On nearly collinear pairs (e.g. transTrip + gwesp) plain Robbins–Monro may not converge from a cold start: increase diagonalize, or drive RSiena’s own estimator through the native simulator with cusna_fran() — see vignette("siena07-backend").

Beyond SAOM: ERGM, TERGM, STERGM, ALAAM

The same engine serves cross-sectional and temporal exponential random graph models, and autologistic actor attribute models.
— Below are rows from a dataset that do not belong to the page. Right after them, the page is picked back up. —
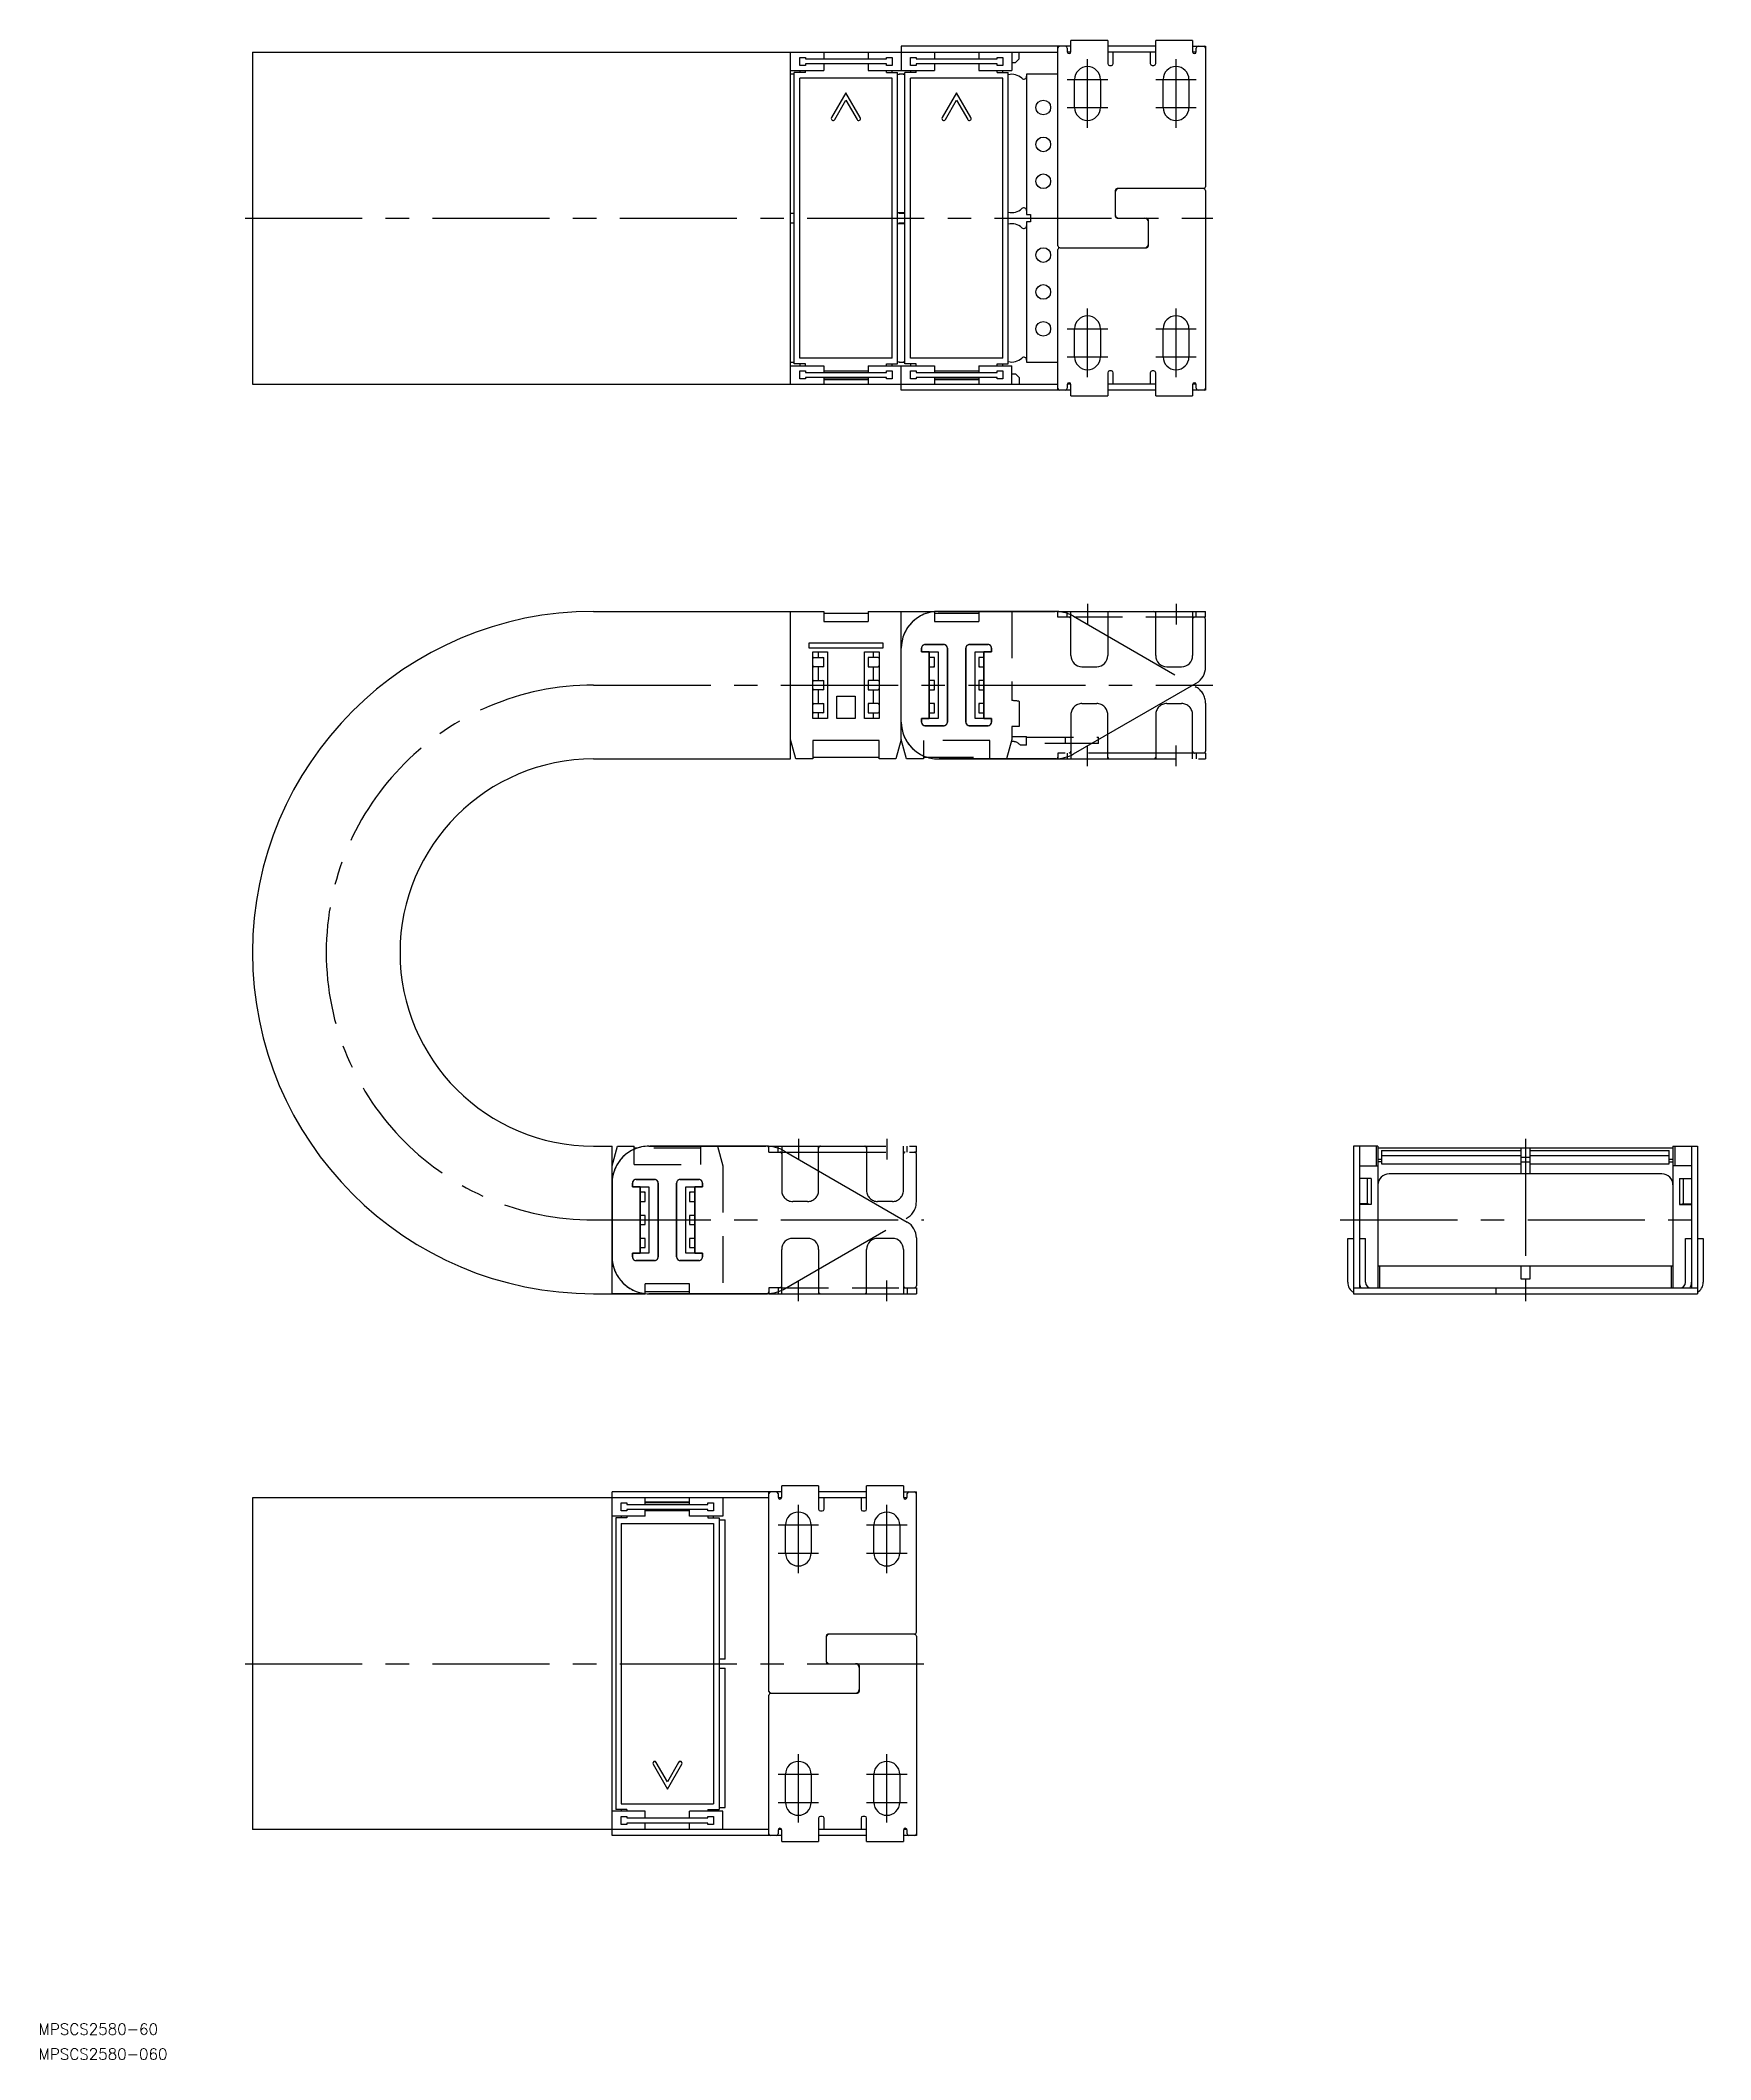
# Model space of a CAD drawing. Extents: x -58 to 395, y -62 to 485.
import ezdxf

# ---------------------------------------------------------------- set-up
doc = ezdxf.new("R2010")
doc.units = 0
for name, pattern in [('CENTER', [50.8, 31.75, -6.35, 6.35, -6.35]), ('DASHED', [19.05, 12.7, -6.35]), ('PHANTOM', [63.5, 31.75, -6.35, 6.35, -6.35, 6.35, -6.35])]:
    doc.linetypes.add(name, pattern=pattern)
doc.layers.get('0').update_dxf_attribs({"linetype": 'CONTINUOUS'})
doc.layers.add('CENTER', color=1, linetype='CENTER')
doc.styles.get("Standard").update_dxf_attribs({"font": 'txt.shx', "height": 3, "bigfont": 'bigfont.shx'})

msp = doc.modelspace()

# ---------------------------------------------------------------- linework, layer by layer
at = {"color": 7, "linetype": 'CONTINUOUS'}
for p, q in [((0, 481.907641), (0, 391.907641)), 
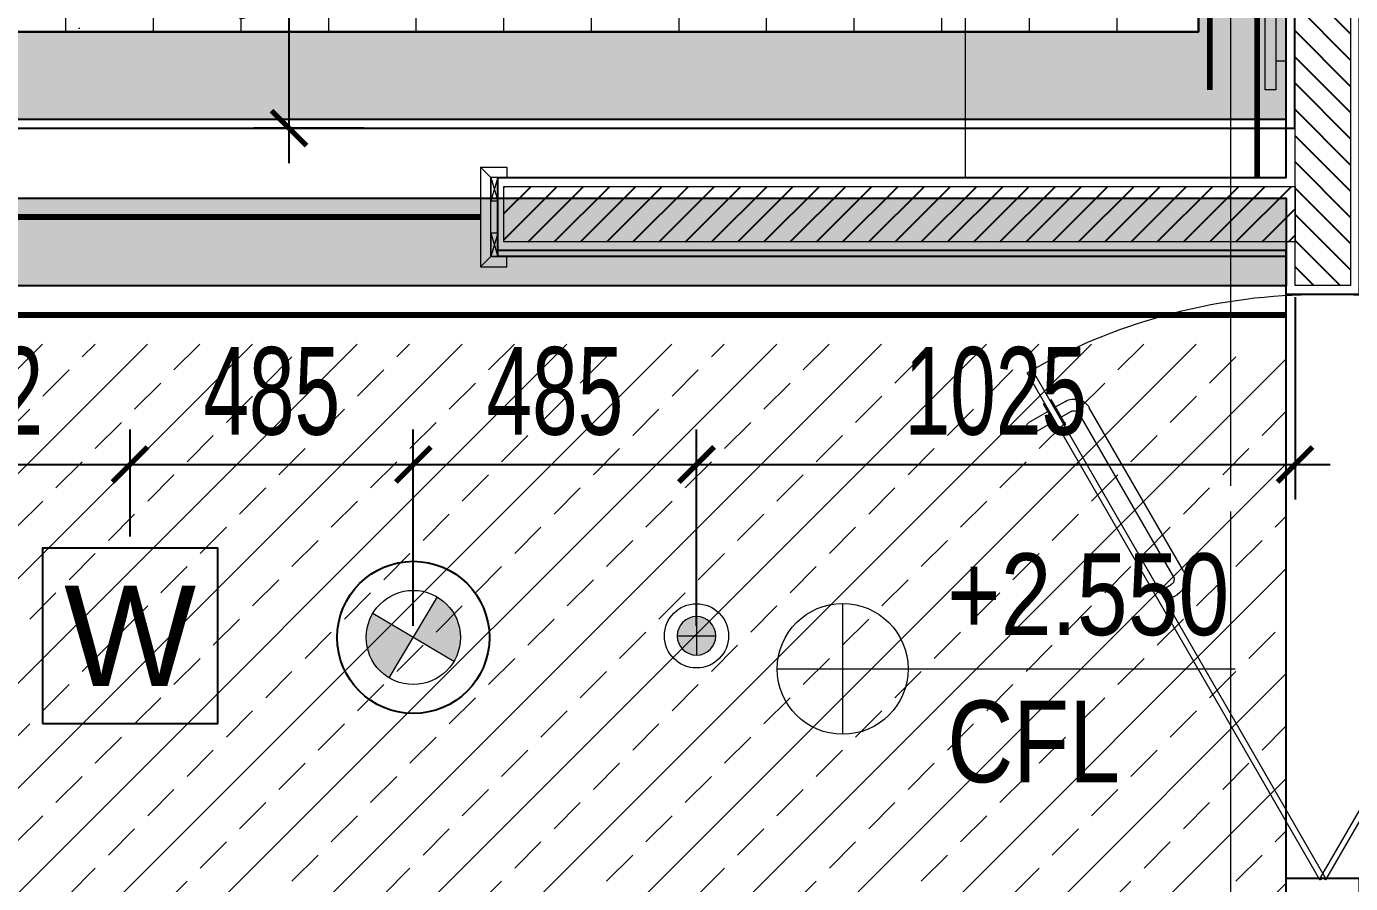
# Model space of a CAD drawing. Header units: millimetres. Extents: x -343543 to 400519, y -115663 to 104219.
# Drawn here: x -233516 to -231249, y 10301 to 11769 of the extents above; entities that cross this region are included whole.
import ezdxf
from ezdxf.enums import TextEntityAlignment as Align
from ezdxf.xclip import XClip

# ---------------------------------------------------------------- set-up
doc = ezdxf.new("R2010")
doc.units = ezdxf.units.MM
doc.header["$XCLIPFRAME"] = 0
for name, pattern in [("$0$02'TUONG Xay$0$HIDDEN", [0.375, 0.25, -0.125]), ('HIDDEN2', [0.1875, 0.125, -0.0625]), ('XREF MAT BANG TUONG XAY$0$CENTER', [50.800000000000004, 31.75, -6.35, 6.35, -6.35]), ('XREF MAT BANG TUONG XAY$0$HIDDEN', [0.375, 0.25, -0.125])]:
    doc.linetypes.add(name, pattern=pattern)
doc.layers.get('0').update_dxf_attribs({"color": 231, "lineweight": 0})
doc.layers.get('DefPoints').update_dxf_attribs({"color": 191})
for name, color, linetype, lineweight in [('1-INNO-E-Emergency', 1, 'EME', 5), ('A-CLNG', 157, 'Continuous', 25), ('A-FLOR-PRTN', 161, 'Continuous', 9), ('A-PATT', 252, 'Continuous', 9), ('A-SYMBOLS', 10, 'Continuous', 13), ('fix lighting', 2, 'Continuous', 5), ('SME-E-LTG-DIM', 55, 'Continuous', 18), ('XREF MAT BANG TUONG XAY$0$$0$A-WALL-INT', 8, 'Continuous', 9), ('XREF MAT BANG TUONG XAY$0$01.Xref _MB T1$0$A-DOOR', 8, 'Continuous', 9), ('XREF MAT BANG TUONG XAY$0$A-GRID', 8, 'XREF MAT BANG TUONG XAY$0$CENTER', 15), ('XREF MAT BANG TUONG XAY$0$A-WALL-INT', 8, 'Continuous', 9)]:
    doc.layers.add(name, color=color, linetype=linetype, lineweight=lineweight)
for name, color, linetype in [('EL - BLOCK - DATA', 2, 'Continuous'), ('XREF MAT BANG TUONG XAY$0$A-FNSH', 8, 'Continuous'), ('XREF MAT BANG TUONG XAY$0$A-FURN', 8, 'Continuous'), ('XREF MAT BANG TUONG XAY$0$A-HIDD', 8, 'XREF MAT BANG TUONG XAY$0$HIDDEN'), ('XREF MAT BANG TUONG XAY$0$A-PATT', 8, 'Continuous')]:
    doc.layers.add(name, color=color, linetype=linetype)
doc.layers.add('fix lightting red', color=1, linetype='Continuous', lineweight=5, true_color=0xff0000)
doc.styles.add('ELV-TEXT', font='arial.ttf')
doc.styles.add('ROMANSssss', font='vntimeh.shx', dxfattribs={"width": 0.7})
doc.styles.add('SM-DIMTEXT', font='SME.shx', dxfattribs={"width": 0.7})
doc.styles.add('VTK _ Arial_2.5 mm', font='arial.ttf', dxfattribs={"width": 0.8, "height": 2.5})
doc.linetypes.add('EME', pattern='A,2463.214661,-165.6529,["E",ROMANSssss,S=300,R=360,X=0,Y=-153.361507],-321.423057,2528.257516', length=5478.548134000001)
doc.dimstyles.new('SDIM-100', dxfattribs={"dimscale": 100, "dimtxt": 2, "dimasz": 0.6, "dimexe": 0.6, "dimexo": 0.2, "dimgap": 0.5, "dimtad": 1, "dimdec": 0, "dimzin": 12, "dimtxsty": 'SM-DIMTEXT', "dimblk": 'ARCHTICK', "dimblk1": 'ARCHTICK', "dimblk2": 'ARCHTICK', "dimcen": 0.12, "dimdle": 0.6, "dimclrd": 7, "dimclre": 8, "dimadec": 0, "dimazin": 3, "dimtfac": 2, "dimtix": 1, "dimtmove": 1, "dimatfit": 3, "dimfxl": 1, "dimtzin": 0, "dimarcsym": 1})

# ---------------------------------------------------------------- blocks, each defined once
blk = doc.blocks.new('*U287')
at = {"layer": 'XREF MAT BANG TUONG XAY$0$A-PATT'}
h = blk.add_hatch(dxfattribs=at)
h.set_pattern_fill('ANSI31', color=8, scale=10)
h.set_pattern_definition([(45, (38421.78963778011, -11178.56439682681), (-22.45064030267288, 22.45064030267288), [])])
h.paths.add_polyline_path([(-38.69831128977239, 47.5), (2936.301688538049, 47.5), (2936.301688538049, -47.5), (-38.69831128977239, -47.5)])
at = {"layer": 'XREF MAT BANG TUONG XAY$0$A-WALL-INT', "color": 8}
blk.add_lwpolyline([(-38.69831128977239, 47.5), (2936.301688538049, 47.5), (2936.301688538049, -47.5), (-38.69831128977239, -47.5)], close=True, dxfattribs=at)
blk = doc.blocks.new('XREF MAT BANG TUONG XAY$0$00.xref_IKIGAI_Truc')
at = {"layer": 'XREF MAT BANG TUONG XAY$0$A-GRID', "color": 8, "ltscale": 20}
blk.add_lwpolyline([(31399.99999999998, -3920.671974424971), (31399.99999999998, 22924.4354841252)], dxfattribs=at)
blk = doc.blocks.new('XREF MAT BANG TUONG XAY$0$xref_IKIGAI_Cot')
at = {"layer": 'XREF MAT BANG TUONG XAY$0$A-GRID', "color": 8, "ltscale": 20}
blk.add_lwpolyline([(31399.99999999998, -3920.671974424971), (31399.99999999998, 22924.4354841252)], dxfattribs=at)
blk = doc.blocks.new('*U277')
at = {"layer": 'XREF MAT BANG TUONG XAY$0$A-PATT'}
h = blk.add_hatch(dxfattribs=at)
h.set_pattern_fill('ANSI31', color=8, scale=10)
h.set_pattern_definition([(45, (36801.7807937566, -11178.56439682681), (-22.45064030267288, 22.45064030267288), [])])
h.paths.add_polyline_path([(-38.69831128977239, 47.5), (1316.292844514548, 47.5), (1316.292844514548, -47.5), (-38.69831128977239, -47.5)])
at = {"layer": 'XREF MAT BANG TUONG XAY$0$A-WALL-INT', "color": 8}
blk.add_lwpolyline([(-38.69831128977239, 47.5), (1316.292844514548, 47.5), (1316.292844514548, -47.5), (-38.69831128977239, -47.5)], close=True, dxfattribs=at)
blk = doc.blocks.new('*U286')
at = {"color": 8}
for p, q in [((-324.1557320819957, -4.186933072772234), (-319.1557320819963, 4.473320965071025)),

Sufficient statistics and a TNT sampler are direct calls:

x <- w1                                       # any 0/1 adjacency
terms <- list(ergm_term("edges"), ergm_term("mutual"))
ergm_stats(x, terms, directed = TRUE)
#>  edges mutual 
#>     37      5 
ergm_simulate(x, coef = c(-2, 1), terms = terms, nsim = 5,
              directed = TRUE, seed = 1)
edges mutual
48 6
55 12
47 3
57 7
60 6

Estimators (each validated against its R reference):

ergm_mcmle(x, terms, directed = TRUE)       # MCMC-MLE       (matches ergm::ergm)
ergm_mple(x)                                # pseudo-likelihood demo
tergm_mple(list(w1, w2, w3))                # TERGM           (matches btergm)
tergm_simulate(w2, lag = w1, coef = c(-4, 3, 2, 0.5))
stergm_cmle(list(w1, w2, w3),               # separable TERGM (matches tergm CMLE)
            formation = list(ergm_term("edges"), ergm_term("mutual")))
alaam_mple(y, net = x)                      # ALAAM MPLE      (matches glm)
alaam_mcmle(y, net = x)                     # ALAAM MCMC-MLE

Validation

The native stack is validated in layers: the CUDA kernels are bit-identical to the reference GPU implementation; the host statistics reproduce RSiena moment targets on public datasets (s50, Knecht, the COW alliance panel) to machine precision; the R-side data preparation, effect preprocessing, and moment targets are bit-identical to the reference on seven datasets; and the full Robbins–Monro estimator agrees with the reference estimator within simulation standard errors on baseline, covariate, co-evolution, and multi-network models. The ERGM samplers match ergm::simulate distributionally, and the ERGM/TERGM/STERGM/ALAAM estimators match ergm/btergm/tergm/glm on their benchmark models.

An NVIDIA GPU is optional throughout: the CPU build compiles from source on any C++17 toolchain, and cusna_has_cuda() reports which build you have.